Physiology Block 3 Week 17 19 Exercise Flashcards
Essential aspects in mobilization
communication, energy production, and transportation.
a) the brain must stimulate muscles for coordinated contractions
b) fuel must be made available for the energy needed for muscle contractions
c) oxygen must be provided and waste products must be eliminated.
Where do commands for voluntary movement originate from?
Cortical associate areas
What parts of the brain plan voluntary movements?
The cortex, basal ganglia, and cerebellum work cooperatively to plan movements.
Basal ganglia and cerebellum are part of a feedback circuit concerned with planning and organizing voluntary movement
What feedback does the cerebellum provide in movements?
Feedback to adjust and smooth movements
How are movements from the cortex relayed to muscles?
Executed by the motor cortex thru impulses via corticospinal tracts to spinal motor neurons
Supplementary motor area
involved in organizing or planning particularly complex movement.
Premotor area
setting posture at the start of movement or in control of proximal limb muscles needed to orient the body for movement.
How is the complexity of movement distributed amongst the areas of the cortex?
31% of corticospinal tract neurons are from the primary motor cortex
29% from the premotor and supplementary motor cortex
the remaining 40% from neurons in the primary somatic sensory cortex and posterior parietal cortex
This distribution is indicative of the complexity and multiple muscles that need to be activated for coordinated/smooth movements.
Regions of the human cerebral cortex and other areas concerned with control of voluntary movement
Prefrontal Cortex
Premotor Cortex
Supplementary Motor Area
Motor Cortex
Primary Somatic Sensory Cortex
Posterior Parietal Cortex
Damage to cerebellum leads to?
Ataxia and tremors
Cerebellum provides coordinated muscle activity through input from the contracting muscles and then relaying signals to the primary motor cortex
Basal ganglia are composed of several nuclei and three major biochemical pathways that influence the motor cortex via thalamus
Dopaminergic
Cholinergic
GABAergic
Disease of these pathways lead to hyperkietic (Parkinson’s) or hypokinetic muscle conditions
How can contractile muscle strength be increased?

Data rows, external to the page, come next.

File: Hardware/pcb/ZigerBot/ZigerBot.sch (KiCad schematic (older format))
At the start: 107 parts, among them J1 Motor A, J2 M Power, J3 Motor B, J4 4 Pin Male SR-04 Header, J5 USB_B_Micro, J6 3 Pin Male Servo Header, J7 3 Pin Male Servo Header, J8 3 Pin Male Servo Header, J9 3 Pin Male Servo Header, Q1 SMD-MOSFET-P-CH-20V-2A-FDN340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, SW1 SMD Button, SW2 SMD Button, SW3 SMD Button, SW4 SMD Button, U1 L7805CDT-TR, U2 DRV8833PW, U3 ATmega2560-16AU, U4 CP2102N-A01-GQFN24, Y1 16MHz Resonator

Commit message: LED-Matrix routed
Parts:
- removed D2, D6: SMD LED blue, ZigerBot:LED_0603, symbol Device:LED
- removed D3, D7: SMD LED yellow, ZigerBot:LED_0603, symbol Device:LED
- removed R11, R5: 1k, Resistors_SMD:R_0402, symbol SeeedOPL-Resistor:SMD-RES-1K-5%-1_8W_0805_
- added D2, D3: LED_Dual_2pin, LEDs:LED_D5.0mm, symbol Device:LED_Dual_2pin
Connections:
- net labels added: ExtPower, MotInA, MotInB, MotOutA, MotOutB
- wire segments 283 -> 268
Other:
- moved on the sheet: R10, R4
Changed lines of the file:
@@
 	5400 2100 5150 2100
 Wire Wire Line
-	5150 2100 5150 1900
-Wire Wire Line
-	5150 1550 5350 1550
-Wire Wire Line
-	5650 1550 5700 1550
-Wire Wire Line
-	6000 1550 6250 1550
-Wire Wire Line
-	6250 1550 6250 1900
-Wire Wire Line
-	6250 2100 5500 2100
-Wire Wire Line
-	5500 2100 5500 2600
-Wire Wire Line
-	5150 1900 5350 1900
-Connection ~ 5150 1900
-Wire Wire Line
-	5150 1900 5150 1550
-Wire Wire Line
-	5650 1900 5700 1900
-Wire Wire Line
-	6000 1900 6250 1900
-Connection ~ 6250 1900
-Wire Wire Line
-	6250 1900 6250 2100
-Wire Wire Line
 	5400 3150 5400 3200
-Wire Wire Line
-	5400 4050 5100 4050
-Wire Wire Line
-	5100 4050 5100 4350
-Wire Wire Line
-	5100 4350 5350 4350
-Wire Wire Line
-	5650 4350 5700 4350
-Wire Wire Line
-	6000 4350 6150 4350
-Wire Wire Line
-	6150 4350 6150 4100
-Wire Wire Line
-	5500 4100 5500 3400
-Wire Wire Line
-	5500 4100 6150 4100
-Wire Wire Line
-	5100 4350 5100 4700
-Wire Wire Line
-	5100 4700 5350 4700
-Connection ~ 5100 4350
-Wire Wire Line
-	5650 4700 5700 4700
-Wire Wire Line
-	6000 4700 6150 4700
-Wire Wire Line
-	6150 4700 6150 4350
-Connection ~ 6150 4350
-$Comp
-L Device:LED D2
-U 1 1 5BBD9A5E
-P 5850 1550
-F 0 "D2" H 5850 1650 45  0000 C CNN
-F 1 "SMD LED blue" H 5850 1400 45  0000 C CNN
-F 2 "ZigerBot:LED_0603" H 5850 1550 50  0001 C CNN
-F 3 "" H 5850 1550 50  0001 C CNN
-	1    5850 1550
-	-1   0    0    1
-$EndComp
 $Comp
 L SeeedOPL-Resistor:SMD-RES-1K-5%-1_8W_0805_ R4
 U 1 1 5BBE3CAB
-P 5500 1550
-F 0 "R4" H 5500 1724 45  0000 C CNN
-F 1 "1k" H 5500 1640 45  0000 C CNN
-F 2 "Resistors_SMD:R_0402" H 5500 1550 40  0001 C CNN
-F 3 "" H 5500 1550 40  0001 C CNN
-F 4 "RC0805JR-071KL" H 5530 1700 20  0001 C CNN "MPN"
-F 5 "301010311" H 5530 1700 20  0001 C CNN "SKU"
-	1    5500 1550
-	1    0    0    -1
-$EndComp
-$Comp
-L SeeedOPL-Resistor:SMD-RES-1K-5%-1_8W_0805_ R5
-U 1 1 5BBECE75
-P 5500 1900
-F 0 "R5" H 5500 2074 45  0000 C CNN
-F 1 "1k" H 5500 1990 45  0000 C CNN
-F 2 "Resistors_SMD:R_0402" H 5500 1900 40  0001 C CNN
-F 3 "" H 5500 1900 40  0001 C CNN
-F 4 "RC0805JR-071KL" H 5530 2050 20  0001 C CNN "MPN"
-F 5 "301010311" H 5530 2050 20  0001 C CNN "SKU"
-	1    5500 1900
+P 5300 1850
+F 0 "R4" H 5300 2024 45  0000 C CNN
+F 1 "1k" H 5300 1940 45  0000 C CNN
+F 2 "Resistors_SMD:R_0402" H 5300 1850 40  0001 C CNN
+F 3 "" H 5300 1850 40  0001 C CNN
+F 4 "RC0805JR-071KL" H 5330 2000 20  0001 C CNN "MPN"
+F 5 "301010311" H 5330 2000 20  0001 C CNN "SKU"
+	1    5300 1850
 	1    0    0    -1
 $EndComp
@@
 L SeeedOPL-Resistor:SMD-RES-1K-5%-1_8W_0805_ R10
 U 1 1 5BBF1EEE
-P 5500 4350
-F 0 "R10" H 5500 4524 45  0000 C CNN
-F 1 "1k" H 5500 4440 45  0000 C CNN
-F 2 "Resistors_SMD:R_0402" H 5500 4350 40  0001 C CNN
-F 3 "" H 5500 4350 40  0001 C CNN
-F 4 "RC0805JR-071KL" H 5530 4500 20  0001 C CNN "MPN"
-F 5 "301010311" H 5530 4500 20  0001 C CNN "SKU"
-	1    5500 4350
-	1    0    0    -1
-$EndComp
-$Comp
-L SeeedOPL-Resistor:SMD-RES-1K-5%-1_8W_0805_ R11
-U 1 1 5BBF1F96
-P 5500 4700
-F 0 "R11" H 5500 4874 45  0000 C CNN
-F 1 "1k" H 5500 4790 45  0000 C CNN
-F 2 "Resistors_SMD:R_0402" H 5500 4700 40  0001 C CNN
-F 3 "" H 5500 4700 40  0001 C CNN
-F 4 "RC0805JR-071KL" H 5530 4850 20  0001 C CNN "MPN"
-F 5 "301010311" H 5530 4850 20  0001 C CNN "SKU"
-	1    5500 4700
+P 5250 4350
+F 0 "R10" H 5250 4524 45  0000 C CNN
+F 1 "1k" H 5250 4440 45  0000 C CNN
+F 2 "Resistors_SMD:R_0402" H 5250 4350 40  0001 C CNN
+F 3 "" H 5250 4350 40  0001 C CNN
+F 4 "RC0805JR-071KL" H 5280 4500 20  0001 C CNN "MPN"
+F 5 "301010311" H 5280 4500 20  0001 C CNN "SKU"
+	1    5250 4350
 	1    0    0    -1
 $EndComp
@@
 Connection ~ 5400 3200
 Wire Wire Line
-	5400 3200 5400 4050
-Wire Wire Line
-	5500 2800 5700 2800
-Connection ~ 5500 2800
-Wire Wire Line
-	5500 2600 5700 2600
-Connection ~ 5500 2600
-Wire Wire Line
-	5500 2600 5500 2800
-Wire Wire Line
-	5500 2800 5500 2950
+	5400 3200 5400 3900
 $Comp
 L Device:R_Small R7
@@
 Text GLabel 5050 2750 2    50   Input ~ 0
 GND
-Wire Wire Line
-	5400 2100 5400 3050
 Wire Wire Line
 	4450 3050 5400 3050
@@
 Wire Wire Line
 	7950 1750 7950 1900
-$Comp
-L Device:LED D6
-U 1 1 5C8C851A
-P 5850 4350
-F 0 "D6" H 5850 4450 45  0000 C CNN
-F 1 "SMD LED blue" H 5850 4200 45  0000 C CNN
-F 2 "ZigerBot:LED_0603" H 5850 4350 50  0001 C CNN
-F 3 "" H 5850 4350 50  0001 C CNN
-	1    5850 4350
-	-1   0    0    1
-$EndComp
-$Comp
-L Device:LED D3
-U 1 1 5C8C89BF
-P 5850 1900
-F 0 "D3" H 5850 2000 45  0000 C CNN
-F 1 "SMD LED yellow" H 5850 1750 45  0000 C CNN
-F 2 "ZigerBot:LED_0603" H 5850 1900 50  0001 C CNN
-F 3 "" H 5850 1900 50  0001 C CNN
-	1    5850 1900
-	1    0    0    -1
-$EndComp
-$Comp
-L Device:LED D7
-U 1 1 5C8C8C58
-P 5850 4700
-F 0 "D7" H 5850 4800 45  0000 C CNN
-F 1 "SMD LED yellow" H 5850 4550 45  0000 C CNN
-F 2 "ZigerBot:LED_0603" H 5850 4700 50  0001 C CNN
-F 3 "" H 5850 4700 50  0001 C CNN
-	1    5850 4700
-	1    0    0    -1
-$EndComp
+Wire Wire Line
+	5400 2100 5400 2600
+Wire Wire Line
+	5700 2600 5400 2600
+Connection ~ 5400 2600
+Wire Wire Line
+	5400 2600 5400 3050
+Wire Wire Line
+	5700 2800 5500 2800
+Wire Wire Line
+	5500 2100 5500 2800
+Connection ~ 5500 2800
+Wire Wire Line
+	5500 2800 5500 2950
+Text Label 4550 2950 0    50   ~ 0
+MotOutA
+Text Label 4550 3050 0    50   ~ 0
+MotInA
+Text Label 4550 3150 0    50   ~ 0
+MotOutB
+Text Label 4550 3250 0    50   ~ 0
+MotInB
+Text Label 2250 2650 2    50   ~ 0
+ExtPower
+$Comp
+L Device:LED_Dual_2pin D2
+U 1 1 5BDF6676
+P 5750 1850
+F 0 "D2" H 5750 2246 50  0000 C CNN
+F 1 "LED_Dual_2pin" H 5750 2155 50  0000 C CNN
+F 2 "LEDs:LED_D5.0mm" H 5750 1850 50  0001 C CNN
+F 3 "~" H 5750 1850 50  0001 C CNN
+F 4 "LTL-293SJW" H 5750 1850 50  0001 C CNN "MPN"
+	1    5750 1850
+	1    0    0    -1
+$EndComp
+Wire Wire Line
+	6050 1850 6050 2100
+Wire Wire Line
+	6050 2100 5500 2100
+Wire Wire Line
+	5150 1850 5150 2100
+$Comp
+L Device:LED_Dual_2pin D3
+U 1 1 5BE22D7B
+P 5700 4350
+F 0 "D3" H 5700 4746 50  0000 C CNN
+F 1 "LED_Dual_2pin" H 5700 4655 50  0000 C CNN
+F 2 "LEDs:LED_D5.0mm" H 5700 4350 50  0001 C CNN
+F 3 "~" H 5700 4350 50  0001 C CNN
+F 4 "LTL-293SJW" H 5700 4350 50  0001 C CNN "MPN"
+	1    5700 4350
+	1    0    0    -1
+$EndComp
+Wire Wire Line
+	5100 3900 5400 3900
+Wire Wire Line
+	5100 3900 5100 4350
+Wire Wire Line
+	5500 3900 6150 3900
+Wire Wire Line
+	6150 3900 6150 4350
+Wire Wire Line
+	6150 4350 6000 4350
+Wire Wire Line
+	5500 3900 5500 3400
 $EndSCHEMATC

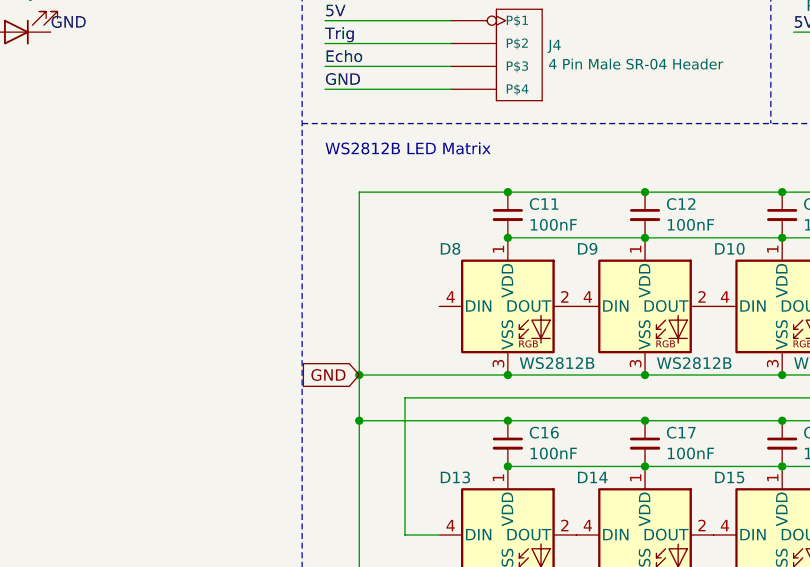
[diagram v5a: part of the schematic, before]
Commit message: changed pin mappings in README
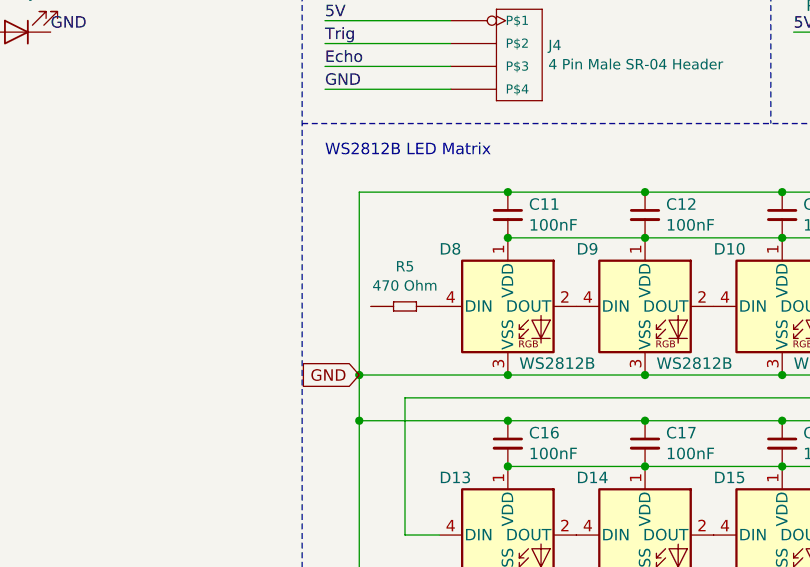
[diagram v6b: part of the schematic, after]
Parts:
- added R5: 470 Ohm, Resistors_SMD:R_0402, symbol SeeedOPL-Resistor:SMD-RES-100R-5%-1_8W_0805_
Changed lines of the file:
@@
 Wire Wire Line
 	5500 3900 5500 3400
+$Comp
+L SeeedOPL-Resistor:SMD-RES-100R-5%-1_8W_0805_ R5
+U 1 1 5BDB7850
+P 12300 4900
+F 0 "R5" H 12300 5074 45  0000 C CNN
+F 1 "470 Ohm" H 12300 4990 45  0000 C CNN
+F 2 "Resistors_SMD:R_0402" H 12300 4900 40  0001 C CNN
+F 3 "" H 12300 4900 40  0001 C CNN
+F 4 "RC0805JR-07100RL" H 12330 5050 20  0001 C CNN "MPN"
+F 5 "301010319" H 12330 5050 20  0001 C CNN "SKU"
+	1    12300 4900
+	1    0    0    -1
+$EndComp
 $EndSCHEMATC

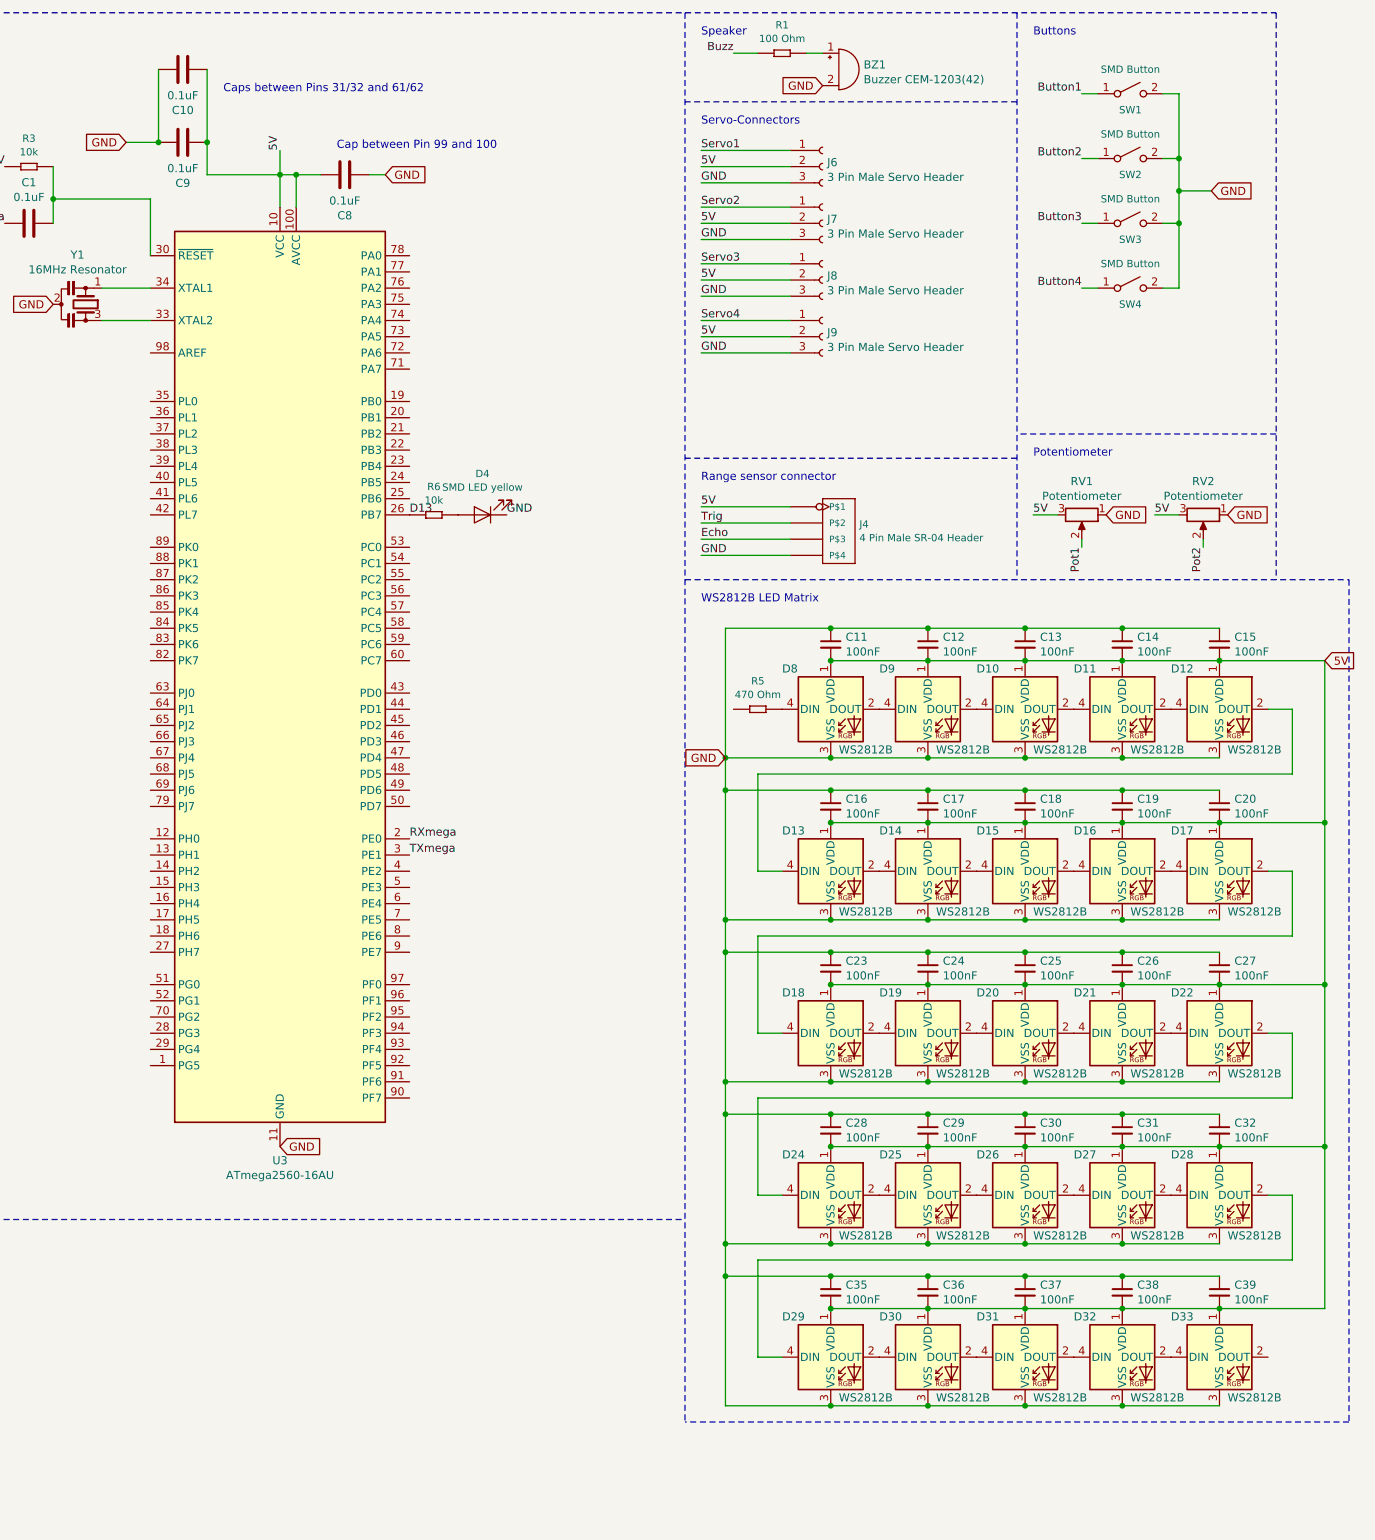
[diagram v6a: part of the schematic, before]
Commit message: Added ICSP Header, Connected all peripherals to Atmega2560, updated README.md
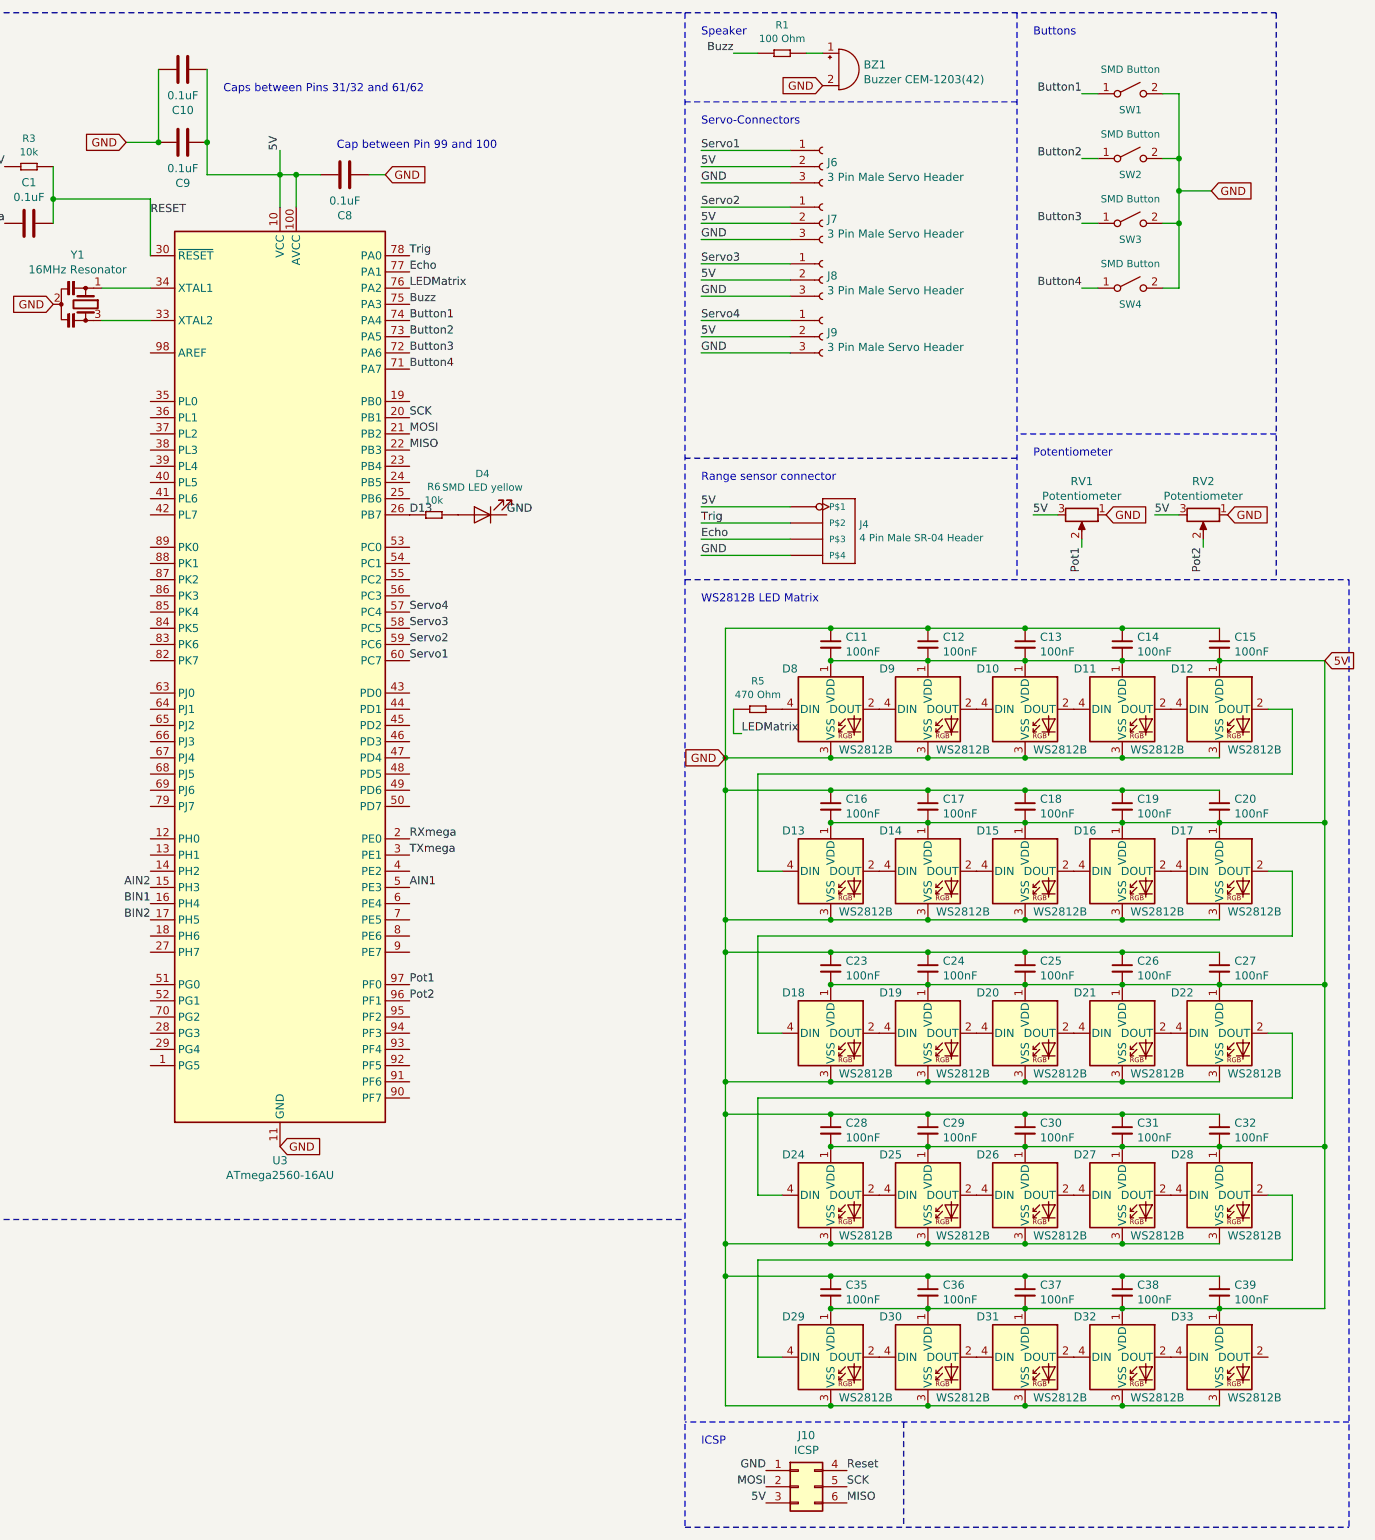
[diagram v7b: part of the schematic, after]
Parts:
- added J10: ICSP, ZigerBot:ICSP, symbol Connector_Generic:Conn_02x03_Top_Bottom
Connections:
- net labels added: LEDMatrix, MISO, MOSI, RESET, Reset, SCK
- wire segments 268 -> 270
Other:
- note added: "ICSP"
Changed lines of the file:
@@
 Text GLabel 4400 2350 3    50   Input ~ 0
 GND
-NoConn ~ 3250 2450
 Wire Wire Line
 	3250 2950 3150 2950
@@
 WS2812B LED Matrix
 Wire Notes Line
-	15950 4100 15950 9300
-Wire Notes Line
 	15950 9300 11850 9300
-Wire Notes Line
-	11850 600  11850 9300
 Wire Notes Line
 	11850 4100 15950 4100
@@
 	1    0    0    -1
 $EndComp
+Text Label 10150 4600 0    50   ~ 0
+Servo1
+Text Label 10150 4500 0    50   ~ 0
+Servo2
+Text Label 10150 4400 0    50   ~ 0
+Servo3
+Text Label 10150 4300 0    50   ~ 0
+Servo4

Contractile muscle strength
can be increased by increasing muscle size through exercise training programs and through the action of anabolic steroids such as testosterone.
Work performed by muscles
Force applied x distance force applied
Power vs strength
Power is work over period of time
Is power output greater during a 100 m dash or running a mile?
100 m dash
Maximal power out declines with duration of muscle contraction
Endurance
time a task can be sustained before exhaustion
Determinant of endurance is glycogen stores in muscle from one’s diet
High carb diet: high glycogen stores (40 g/Kg)
Mixed diet: 20 g/Kg
High fat: 6g/Kg
Why is ATP a good source of energy?
- The last 2 phosphate bonds are high energy
- Only good for 3 seconds of maximal muscle power
- need continuous supply of ATP
Phosphocreatine
Broken down into creatine and phosphate
Muscles have 2-4x more stored than ATP
Phosophagen Energy System
Phosphocreatine and ATP energy storage
Sufficient to provide E for a power event like 100m dash
Glycogen-Lactic Acid System
Anaerobic Metabolism: If oxygen is not available, pyruvic acid is converted to lactic acid which diffuses out of the muscle.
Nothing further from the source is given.